Expected Option Move = Delta × Stock Move

Key point

A delta of 0.50 means the option moves ~$0.50 per $1 stock move. Deep ITM options have delta near 1.0; far OTM options have delta near 0. (Delta also doubles as the rough probability of finishing in-the-money — that's the moneyness lens from the previous module.)

Step through

Theta (time decay) is the silent tax on option buyers. An ATM option with 30 days to expiration might lose $0.05–$0.15 per day. With 5 days left, that accelerates dramatically. This is why holding short-dated OTM options to expiry is usually a losing proposition.

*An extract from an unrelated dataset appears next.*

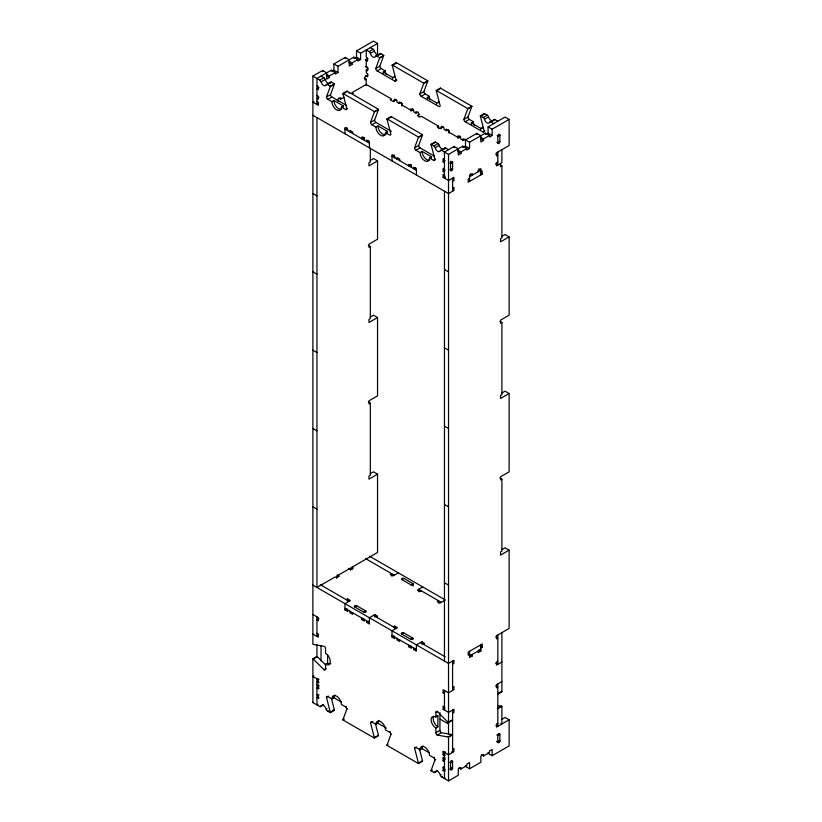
<?xml version="1.0" encoding="UTF-8"?>
<svg xmlns="http://www.w3.org/2000/svg" width="822" height="822" viewBox="0 0 822 822"><rect width="100%" height="100%" fill="white"/><g stroke="black" fill="none" stroke-linecap="round" stroke-linejoin="round"><path stroke-width="1.23" d="M331.903 101.671L333.938 100.5L343.432 105.987L341.397 107.158A6.71 3.874 60 0 1 336.65 109.901A6.71 3.874 60 0 1 331.903 101.671L327.824 99.328A1.921 1.11 60 0 1 326.468 96.975L330.29 86.577A1.921 1.11 60 0 0 330.352 86.166L334.42 83.813L331.554 82.159A1.921 1.11 60 0 0 330.28 82.467A3.833 2.219 60 0 1 327.721 83.084A3.833 2.219 60 0 1 325.163 79.518A1.921 1.11 60 0 0 323.889 77.73L321.022 76.076M326.468 96.975L330.536 94.622L334.359 84.224A1.921 1.11 60 0 0 334.42 83.813M396.779 79.878L394.745 81.049L377.113 70.877A1.921 1.11 60 0 1 375.757 68.524L379.579 58.126A1.921 1.11 60 0 0 379.63 57.704L383.699 55.362L380.843 53.707A1.921 1.11 60 0 0 379.558 54.016A3.833 2.219 60 0 1 377 54.622A3.833 2.219 60 0 1 374.452 51.056A1.921 1.11 60 0 0 373.167 49.279L370.311 47.625M375.757 68.524L379.826 66.171L383.648 55.773A1.921 1.11 60 0 0 383.699 55.362M375.962 127.112L377.997 125.941L387.491 131.417L385.456 132.599A6.71 3.874 60 0 1 380.709 135.332A6.71 3.874 60 0 1 375.962 127.112L371.893 124.759A1.921 1.11 60 0 1 370.537 122.416L374.349 112.018A1.921 1.11 60 0 0 374.411 111.597L378.48 109.254L347.007 91.088L342.938 93.431A1.921 1.11 60 0 0 343 93.914L346.822 108.72A1.921 1.11 60 0 1 345.466 109.511L341.397 107.158M370.537 122.416L374.606 120.063L378.418 109.665A1.921 1.11 60 0 0 378.48 109.254M484.898 130.76L482.863 131.931L465.231 121.748A1.921 1.11 60 0 1 463.875 119.396L467.944 117.053L471.766 106.654A1.921 1.11 60 0 0 471.828 106.233L440.356 88.067L436.287 90.42A1.921 1.11 60 0 0 436.338 90.903L440.16 105.709A1.921 1.11 60 0 1 438.804 106.49L421.172 96.308A1.921 1.11 60 0 1 419.816 93.965L423.638 83.567A1.921 1.11 60 0 0 423.69 83.145L427.759 80.803L396.296 62.626L392.228 64.979A1.921 1.11 60 0 0 392.279 65.462L396.101 80.268A1.921 1.11 60 0 1 394.745 81.049M419.816 93.965L423.885 91.612L427.707 81.214A1.921 1.11 60 0 0 427.759 80.803M420.021 152.553L422.056 151.382L431.55 156.858L429.516 158.03A6.71 3.874 60 0 1 424.769 160.773A6.71 3.874 60 0 1 420.021 152.553L415.953 150.2A1.921 1.11 60 0 1 414.596 147.857L418.419 137.459A1.921 1.11 60 0 0 418.47 137.038L422.539 134.685L391.077 116.519L386.998 118.871A1.921 1.11 60 0 0 387.059 119.354L390.882 134.161A1.921 1.11 60 0 1 389.525 134.942L385.456 132.599M414.596 147.857L418.665 145.504L422.487 135.106A1.921 1.11 60 0 0 422.539 134.685M463.875 119.396L467.697 108.997A1.921 1.11 60 0 0 467.759 108.586L471.828 106.233M375.562 724.172L378.418 735.279A1.921 1.11 60 0 1 378.48 735.762L374.411 738.105L342.938 719.938A1.921 1.11 60 0 1 343 719.527L346.822 709.129L347.583 708.687M419.384 748.688L422.487 760.72A1.921 1.11 60 0 1 422.539 761.203L418.47 763.546L386.998 745.379A1.921 1.11 60 0 1 387.059 744.968L390.882 734.57L391.642 734.128M458.923 767.851L460.957 769.022L460.957 767.46L458.244 769.022L458.244 775.29L448.524 780.9L441.599 776.903A1.921 1.11 60 0 1 440.315 775.115A3.833 2.219 60 0 0 437.756 771.55A3.833 2.219 60 0 0 435.208 772.166A1.921 1.11 60 0 1 433.924 772.464L431.067 770.82A1.921 1.11 60 0 1 431.118 770.399L434.941 760.001L435.701 759.559M499.612 741.793L499.468 742.019A1.675 0.966 -60 0 1 498.276 742.749L498.111 742.728A1.099 0.637 -60 0 1 497.803 742.204L497.813 735.474A1.439 0.832 -60 0 1 498.831 733.717A1.439 0.832 -60 0 1 499.848 734.303L499.848 741.023A1.099 0.637 -60 0 1 499.612 741.793M325.533 664.782L317.343 656.747A1.921 1.11 60 0 0 316.953 656.459L312.884 658.812A1.921 1.11 60 0 1 313.274 659.1L324.187 669.817A1.921 1.11 60 0 0 325.543 669.036L325.543 664.33A6.71 3.874 60 0 0 330.29 661.587A6.71 3.874 60 0 0 325.543 653.367L325.543 648.671A1.921 1.11 60 0 0 324.187 646.318L313.274 644.427A1.921 1.11 60 0 1 312.884 644.273L312.884 76.076L322.604 70.466L326.673 72.819L326.673 79.087L329.386 77.515L329.386 75.953L335.263 72.552L335.263 74.124L337.976 72.552L337.976 66.294L333.907 63.941L333.907 70.209L337.976 72.552M333.907 63.941L345.209 57.417L349.278 59.759L349.278 66.027L351.991 64.465L351.991 62.893L357.878 59.503L357.878 61.075L360.591 59.503L360.591 53.235L377.545 43.453L377.545 54.869M360.591 59.503L356.522 57.15L356.522 50.892L373.476 41.1L377.545 43.453M335.263 72.552L331.194 70.209L316.953 78.429L316.953 104.538L318.648 103.551M337.976 66.294L353.799 57.15L357.878 59.503M332.386 71.082L333.907 70.209M354.652 58.228L356.522 57.15M312.884 76.076L319.82 80.083L323.889 77.73M365.42 59.944L367.598 61.198L367.598 58.064L366.242 57.283L366.242 49.978L369.099 51.632L373.167 49.279M319.82 80.083A1.921 1.11 60 0 1 321.094 81.861L325.163 79.518M369.099 51.632A1.921 1.11 60 0 1 370.373 53.409L374.452 51.056M318.987 87.697L316.953 88.868L318.309 89.649L318.309 86.526L316.953 85.735M321.094 81.861A3.833 2.219 60 0 0 323.652 85.426A3.833 2.219 60 0 0 326.211 84.82L330.28 82.467M370.373 53.409A3.833 2.219 60 0 0 372.931 56.975A3.833 2.219 60 0 0 375.49 56.358L379.558 54.016M326.211 84.82A1.921 1.11 60 0 1 327.485 84.512L331.554 82.159M375.49 56.358A1.921 1.11 60 0 1 376.774 56.06L380.843 53.707M330.29 86.577L334.359 84.224M379.579 58.126L383.648 55.773M318.987 97.356L316.953 98.527L318.309 99.308L318.309 96.184L316.953 95.393M365.42 75.614L367.598 76.867L367.598 73.733L366.242 72.953L366.242 70.076L368.277 68.904M313.901 101.599L312.884 102.185L318.309 105.319L318.309 102.185L316.953 101.404M368.05 75.038L364.886 76.867L364.886 79.991L366.242 79.21L366.242 85.58M327.824 99.328L331.903 96.975L346.226 105.247M377.113 70.877L381.182 68.524L385.251 70.877A6.71 3.874 60 0 0 386.042 74.35M343 93.914L347.069 91.561A1.921 1.11 60 0 1 347.007 91.088M392.279 65.462L396.348 63.109A1.921 1.11 60 0 1 396.296 62.626M383.329 73.302A6.71 3.874 60 0 1 383.216 72.048L385.251 70.877M348.949 92.845L349.288 93.235M338.664 98.003L340.698 99.174L344.007 97.263M392.597 78.655A6.71 3.874 60 0 0 392.711 77.525L394.745 76.354A6.71 3.874 60 0 1 394.632 77.484M345.466 109.511L347.5 108.329M374.349 112.018L378.418 109.665M423.638 83.567L427.707 81.214M347.161 127.821L344.983 129.075L369.407 143.172M396.173 99.524L392.916 101.404L390.203 99.832L391.56 99.051L366.242 84.43L351.991 92.66L353.347 93.441M394.272 101.558L394.272 99.051L396.985 100.613L396.985 102.185L399.245 103.49L401.28 102.318M371.893 124.759L375.962 122.416L391.385 131.325M421.172 96.308L425.241 93.965L429.31 96.308A6.71 3.874 60 0 0 430.101 99.791M387.059 119.354L391.128 117.001A1.921 1.11 60 0 1 391.077 116.519M436.338 90.903L440.407 88.55A1.921 1.11 60 0 1 440.356 88.067M427.389 98.743A6.71 3.874 60 0 1 427.276 97.489L429.31 96.308M363.756 137.551L361.721 138.733L361.721 137.161L364.434 138.733L364.434 140.295M368.729 140.428L366.694 141.6L366.694 140.038L369.407 141.6L369.407 147.868M411 111.217L411 108.71L413.713 110.271L413.713 111.843L415.973 113.148L418.008 111.977M436.657 104.096A6.71 3.874 60 0 0 436.77 102.966L438.804 101.794A6.71 3.874 60 0 1 438.691 102.914M419.497 114.248L417.329 115.501L420.042 117.063L421.398 116.282L438.578 126.198L438.578 128.551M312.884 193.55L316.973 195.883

Days to ExpirationTheta (daily loss)Cumulative Decay
60 days~$0.03/daySlow bleed
30 days~$0.06/dayNoticeable
7 days~$0.15/dayAccelerating rapidly
1 dayAll remaining time valueGone by close

Try it

Look at an options chain and compare the delta of ITM, ATM, and OTM options. Notice how delta increases as the option moves deeper in-the-money.

Check-in

You own a call with delta 0.70 and theta −0.08. The stock doesn’t move for a week. What happens to your position?

Key insight

Option buyers fight theta every day. Option sellers collect theta every day. This asymmetry is why theta is the seller's structural edge. (A durable myth says '80% of options expire worthless' — OCC data shows only ~30-35% expire worthless; most contracts are closed or offset before expiry.) and why understanding time decay is essential before buying any option.

Check-in

You buy a deep-out-of-the-money call (AAPL $250 when AAPL is at $200) expiring in 5 days. Delta is 0.05. AAPL moves +$5 over the 5 days. What happens to the option's value?

Key point

Vega measures how much an option's price moves per 1-percentage-point change in implied volatility (the market's expectation of future movement). Long options are long vega: rising IV helps you, falling IV hurts. This is why a stock can move your way after earnings and the option still loses value — the post-event collapse in IV (the 'IV crush') overwhelms the directional gain. Buying an option is a bet on movement AND on volatility staying elevated.

Key point

Gamma is the trap. Gamma measures how fast Delta itself changes as the stock moves. Option buyers are long gamma — their directional bet strengthens in their favor. Option sellers are short gamma — their exposure gets worse exactly when the stock moves against them. A short call that started roughly delta-neutral can become deeply short the stock if it rallies through the strike. Gamma risk is why writing naked options is dangerous in a way that buying them is not. (The full position-Greeks math lives in the advanced Options 301 path; here, just know the sign: long options = long gamma, short options = short gamma.)

Check-in

You own 10 long call contracts on 1,000 underlying shares. Delta = 0.50, so your delta-equivalent exposure is 500 shares. Gamma = 0.02 (per $1 move). The stock rises $2. How many shares of equivalent exposure do you have now?
Check your understanding

Sit with the ideas.

You own a call option with delta 0.40 and theta -$0.05. The stock rises $2 and one day passes. Approximately what happens to your option's value?